Attack Vectors

CVE-2026-2718 affects the Dealia – Request a Quote WordPress plugin (slug: dealia-request-a-quote) in versions up to and including 1.0.8. This is a Medium-severity issue (CVSS 6.4, vector: CVSS:3.1/AV:N/AC:L/PR:L/UI:N/S:C/C:L/I:L/A:N).

The attack requires an authenticated WordPress account with Contributor-level access or higher. An attacker can place malicious script content into Gutenberg block attributes used on pages/posts. Because it is a stored cross-site scripting (XSS) issue, the malicious code can execute whenever someone views the affected page—without requiring the visitor to click anything.

Security Weakness

The root cause is improper escaping in an HTML attribute context. The plugin uses wp_kses() when output is placed into HTML attributes, where esc_attr() is required. This can allow attacker-controlled content to break out of the intended attribute and run arbitrary scripts in the browser.

Wordfence’s vulnerability entry indicates there is no known patch available at this time. Source: Wordfence Threat Intel. Official CVE record: CVE-2026-2718.

Technical or Business Impacts

Stored XSS is often a “business-impact multiplier” because it runs in the context of your site and can affect high-value audiences (prospects, customers, partners, and employees). For marketing and revenue teams, this can translate into diverted leads, altered calls-to-action, invisible redirects, or injected content that damages campaign performance and brand trust.

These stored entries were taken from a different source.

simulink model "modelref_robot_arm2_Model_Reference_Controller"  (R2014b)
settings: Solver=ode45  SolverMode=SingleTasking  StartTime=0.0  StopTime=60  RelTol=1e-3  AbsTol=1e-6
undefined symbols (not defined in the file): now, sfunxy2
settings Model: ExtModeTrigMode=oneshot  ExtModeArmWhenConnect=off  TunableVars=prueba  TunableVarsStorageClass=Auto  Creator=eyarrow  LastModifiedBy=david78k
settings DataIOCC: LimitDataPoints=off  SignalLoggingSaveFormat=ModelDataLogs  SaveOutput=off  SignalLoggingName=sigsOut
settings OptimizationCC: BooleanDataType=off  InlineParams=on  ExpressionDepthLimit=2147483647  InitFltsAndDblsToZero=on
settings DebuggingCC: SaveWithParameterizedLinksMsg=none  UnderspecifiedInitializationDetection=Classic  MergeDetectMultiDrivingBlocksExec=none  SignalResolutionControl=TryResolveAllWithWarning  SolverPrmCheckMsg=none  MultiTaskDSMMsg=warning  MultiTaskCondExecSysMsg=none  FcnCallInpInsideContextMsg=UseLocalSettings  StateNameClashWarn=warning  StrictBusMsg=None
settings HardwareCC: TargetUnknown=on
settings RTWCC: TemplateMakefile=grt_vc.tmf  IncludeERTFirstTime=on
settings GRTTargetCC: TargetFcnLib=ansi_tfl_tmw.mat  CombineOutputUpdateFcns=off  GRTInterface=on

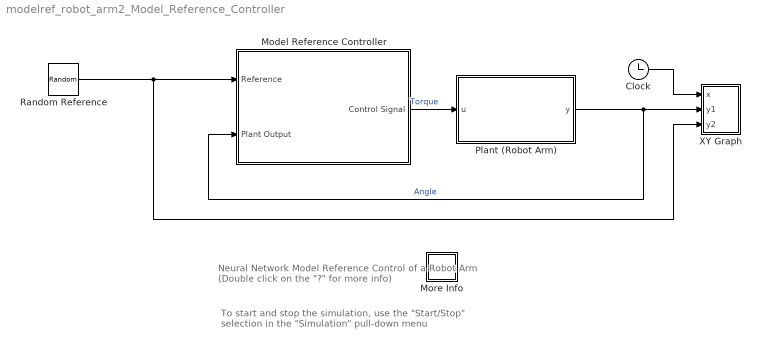
== system modelref_robot_arm2_Model_Reference_Controller ==
  note: Neural Network Model Reference Control of a Robot Arm
      | (Double click on the "?" for more info)
  note: To start and stop the simulation, use the "Start/Stop"
      | selection in the "Simulation" pull-down menu
  Clock : Clock
  Model Reference Controller : Subsystem  mask(NN Model Reference Control){Ts=0.05, S1=10, Ni=2, Nj=2, sim_file=robotarm, trainfun=trainlm, Use_validation=1, Use_Testing=1, Use_Inc_training=0, Use_previous_weights=1, max_i=15, min_i=-15, max_r=0.7, min_r=-0.7, sam_training=10000, sam_training_c=6000, epochs=300, epochs_c=10, minp=-14.988293499961703, maxp=14.923704088055537, mint=-3.3363903927128264, maxt=3.3206956917347106, Normalize=1, IW=[-0.011469687396173215 0.040727561644111239;1.075316793085894 3.6796838641403276;-1.0685679888493944 -1.4205632700292121;0.14367732817658238 0.6152803692703297;-0.46805195984615566 2.5890011355180014;-0.00099986462717487263 -0.0007252338745319933;0.020940253545379157 -0.065457349807555854;3.418928376293219 -2.1823823167283654;-0.0059345736730259191 -0.0070551937494547938;-2.1494988517134881 -2.6774267562058767], LW1_2=[-1.3659168016442902 3.6192798596548861;5.3731109044400727 0.69786952127836066;1.4450743609809416 -1.9984706683615918;2.5525543014913454 -1.4826245221004251;3.4559923743807279 -2.3555418718376742;-0.35124450033305005 0.17636235061342501;4.2690027031324904 -4.7193108091953446;-3.6662434033635201 3.7972392042066518;-1.9187608842814841 0.75056361802973048;4.6610943267477873 1.5166165956758935], LW2_1=[0.013403472002469021 -2.3473487105238961e-005 7.2702651156598242e-005 0.0013482923593579168 -0.00016616129434688127 -5.8011812414478516 -0.010014055898134575 3.8530349704142433e-005 -0.19642052374504862 0.00010666269673941641], B1=[-1.5792545839864678;-1.1799157268366136;0.14188462146879066;-0.17920873848457491;-0.41999647602943724;0.34136385139415004;-0.37981883756521306;3.4871946858243157;-1.2726850310343014;5.4629125163629446], B2=1.7477024054779804, S1c=13, Limit_output=1, min_output=-3.1, max_output=3.1, Ref_file=robotref, Nrc=2, Nic=1, Njc=2, IW_y=[-0.28830069175292433 -0.40646751091557659;0.28595139003619108 -0.57417214335064837;0.1336707314980988 -0.093036501318070008;-0.2019599111771567 -0.025678078476613929;0.84713300279901316 0.72007254571163293;0.36748636396046436 1.0000215468311262;0.066756131692085038 0.38725405501697979;-0.17019741781512493 0.5165521764796247;0.46609436858091502 0.6239894923394288;0.46324541261221525 0.086935183955805476;-0.44961103869309321 0.25383246728779613;-0.048218807870090009 -0.39894955367872065;-0.61986971529707569 0.058497236367605482], IW_u=[-0.07687034475824113;-0.040567981957116965;-0.25789970936411499;-0.018721032897876001;0.028817060765054997;-0.31264836826089376;0.18921583903705724;-0.61261686016868233;-0.16307742563522379;-0.074462566067034761;0.056746504440949669;0.21187656712469111;-0.056770151099039622], IW_r=[-1.0362660354173303 1.4688605237132542;0.42403471351339406 0.09884618409637784;1.4428485632037449 2.6760930779748908;1.8930687109886244 -1.6745583333584542;1.065008106228545 -0.87008906986887113;-1.7918541807535311 1.0744242311327989;1.7753415232484064 1.3072326174145978;1.5573152998068889 -0.888848087048283;-1.2394371299457376 1.3050943120462382;1.0278618084899167 -0.18597892573437988;-1.0916083269493662 1.9125168626791282;0.99122416074121877 -0.14414702314486633;0.95925862503152526 -0.61012901799671015], B1_c=[2.306994450802522;-1.9000153414921086;-1.3008630649724051;1.258877310519851;-0.12980477297087051;0.12368183073014268;-0.85644903109457482;-0.41889440632432878;0.98725693995885255;1.1772875199263355;-1.6349473404405293;2.0825629905810632;-2.3440725161816367], B2_c=0.82217357531165991, LW_c=[-0.55529719028462121 -0.31761057023184625 -0.015052391499648663 0.30814748264618441 0.98893787454368642 0.37299266080087584 0.016791395741317917 0.40413014544500553 -0.069013433882631259 0.18826999272001291 -0.21076173160301825 -0.64099798332438396 0.28967605954116094], retraining_c=5, max_i_int=2, min_i_int=0.1, max_r_int=2, min_r_int=0.1}
      mask prompts: Ts "Sample time"; trainfun "Training function Identification"; Limit_output "Limit output"
      mask help: Neural network model reference controller. You first train a neural network model of the plant to be controlled. Then train the controller so that the plant output will follow the output of a reference model. Double-click the Model Reference Control block to begin the plant and controller training.
      mask init:
      | xl = [0   .53     .53     .92   .92   .53   .53  NaN ];
      | yl = [.95 .95 1.05 1.05 .3   .3   .95 NaN  ];
      | x2 = [0 .53    NaN .92 1.2  ];
      | y2 = [.39 .39   NaN .65 .65  ];
      | t=(0:24)/24*2*pi;
      | xs = .07*cos(t)+.9;
      | ys = .07*sin(t)+.75;
      | 
      | x1t=.03; y1t=.31;
      | x2t=.03; y2t=.8;
      | x3t=.77; y3t=.53;
      | x4t=.77; y4t=.44;
      | x5t=.45; y5t=.66;
      | x6t=.45; y6t=.55;
      | x7t=.45; y7t=.44;
      settings: OpenFcn=nncontrolutil('nnmodref','',gcbh,gcb,'');
      mask TypeOptions trainfun: trainbfg | trainbr  | traincgb | traincgf | traincgp | traingd | traingdm | traingda | traingdx | trainlm  | trainoss | trainrp  | trainscg
      mask Display:
      | plot([[xl NaN x2]*.9-.075 ], [[yl  NaN y2]*.9-.1 ]);
      | text(x1t,y1t,'Plant Output');
      | text(x2t,y2t,'Reference');
      | text(x3t,y3t,'Control');
      | text(x4t,y4t,'Signal');
      | text(x5t,y5t,'Neural');
      | text(x6t,y6t,'Network');
      | text(x7t,y7t,'Controller');
  More Info : Subsystem
      mask Display: disp('?')
  Plant (Robot Arm) : Subsystem
      mask Display: plot([-10],[0],[10],[0],[-2 -2 2 2 -2],[5 4 4 5 5],[0 3],[4.5 0.5])
  Random Reference : UniformRandomNumber  Minimum=-0.5  Maximum=0.5  Seed=round(now)  SampleTime=10
  XY Graph : Subsystem  LoadFcn=sfunxy2([],[],[],'LoadBlock')  StartFcn=sfunxy2([],[],[],'Start')  StopFcn=sfunxy2([],[],[],'Stop')  mask(XY scope.){xmin=0, xmax=5, ymin=-1, ymax=1, st=-1}
      mask prompts: xmin "x-min:"; xmax "x-max:"; ymin "y-min:"; ymax "y-max:"; st "Sample time:"
      mask help: XY scope using MATLAB graph window. First input is used as time base. Enter plotting ranges.
      settings: CopyFcn=sfunxy2([],[],[],'CopyBlock')  DeleteFcn=sfunxy2([],[],[],'DeleteBlock')  NameChangeFcn=sfunxy2([],[],[],'NameChange')
      mask Help: This block can be used to explore limit cycles. Look at the function sfunxy.m to see how it works.
      mask Display: plot([.05 .95 .95 .05 .05],[.45 .45 .95 .95 .45], 0.5+cos(0:0.1:2*pi)*0.3,0.7+sin(0:0.1:2*pi)*0.2)
  wires:
  Plant (Robot Arm)/1(y) -> XY Graph/2(y1), Model Reference Controller/2(Plant Output)  "Angle"
  Model Reference Controller/1(Control Signal) -> Plant (Robot Arm)/1(u)  "Torque"
  Clock/1 -> XY Graph/1(x)
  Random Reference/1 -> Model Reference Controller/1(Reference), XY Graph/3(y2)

Potential impacts include: session or account misuse for logged-in users, unauthorized changes to on-page messaging, lead-capture interference (including “request a quote” journeys), and reputational harm if visitors see unexpected pop-ups or malicious redirects. Compliance and privacy teams may also need to consider whether any user data exposure occurred, depending on what scripts were injected and who visited impacted pages.

Given the lack of a known patch, many organizations will treat this as an operational risk decision. Common mitigations include removing/uninstalling the affected plugin and replacing it, restricting Contributor access (especially for untrusted or external accounts), reviewing pages/posts that use Dealia Gutenberg blocks, and increasing monitoring for unexpected content changes.

Similar Attacks

Stored XSS has repeatedly been used to hijack trust on legitimate websites and execute scripts for visitors at scale. A relevant example is a stored XSS issue previously addressed in WordPress core: CVE-2019-9787.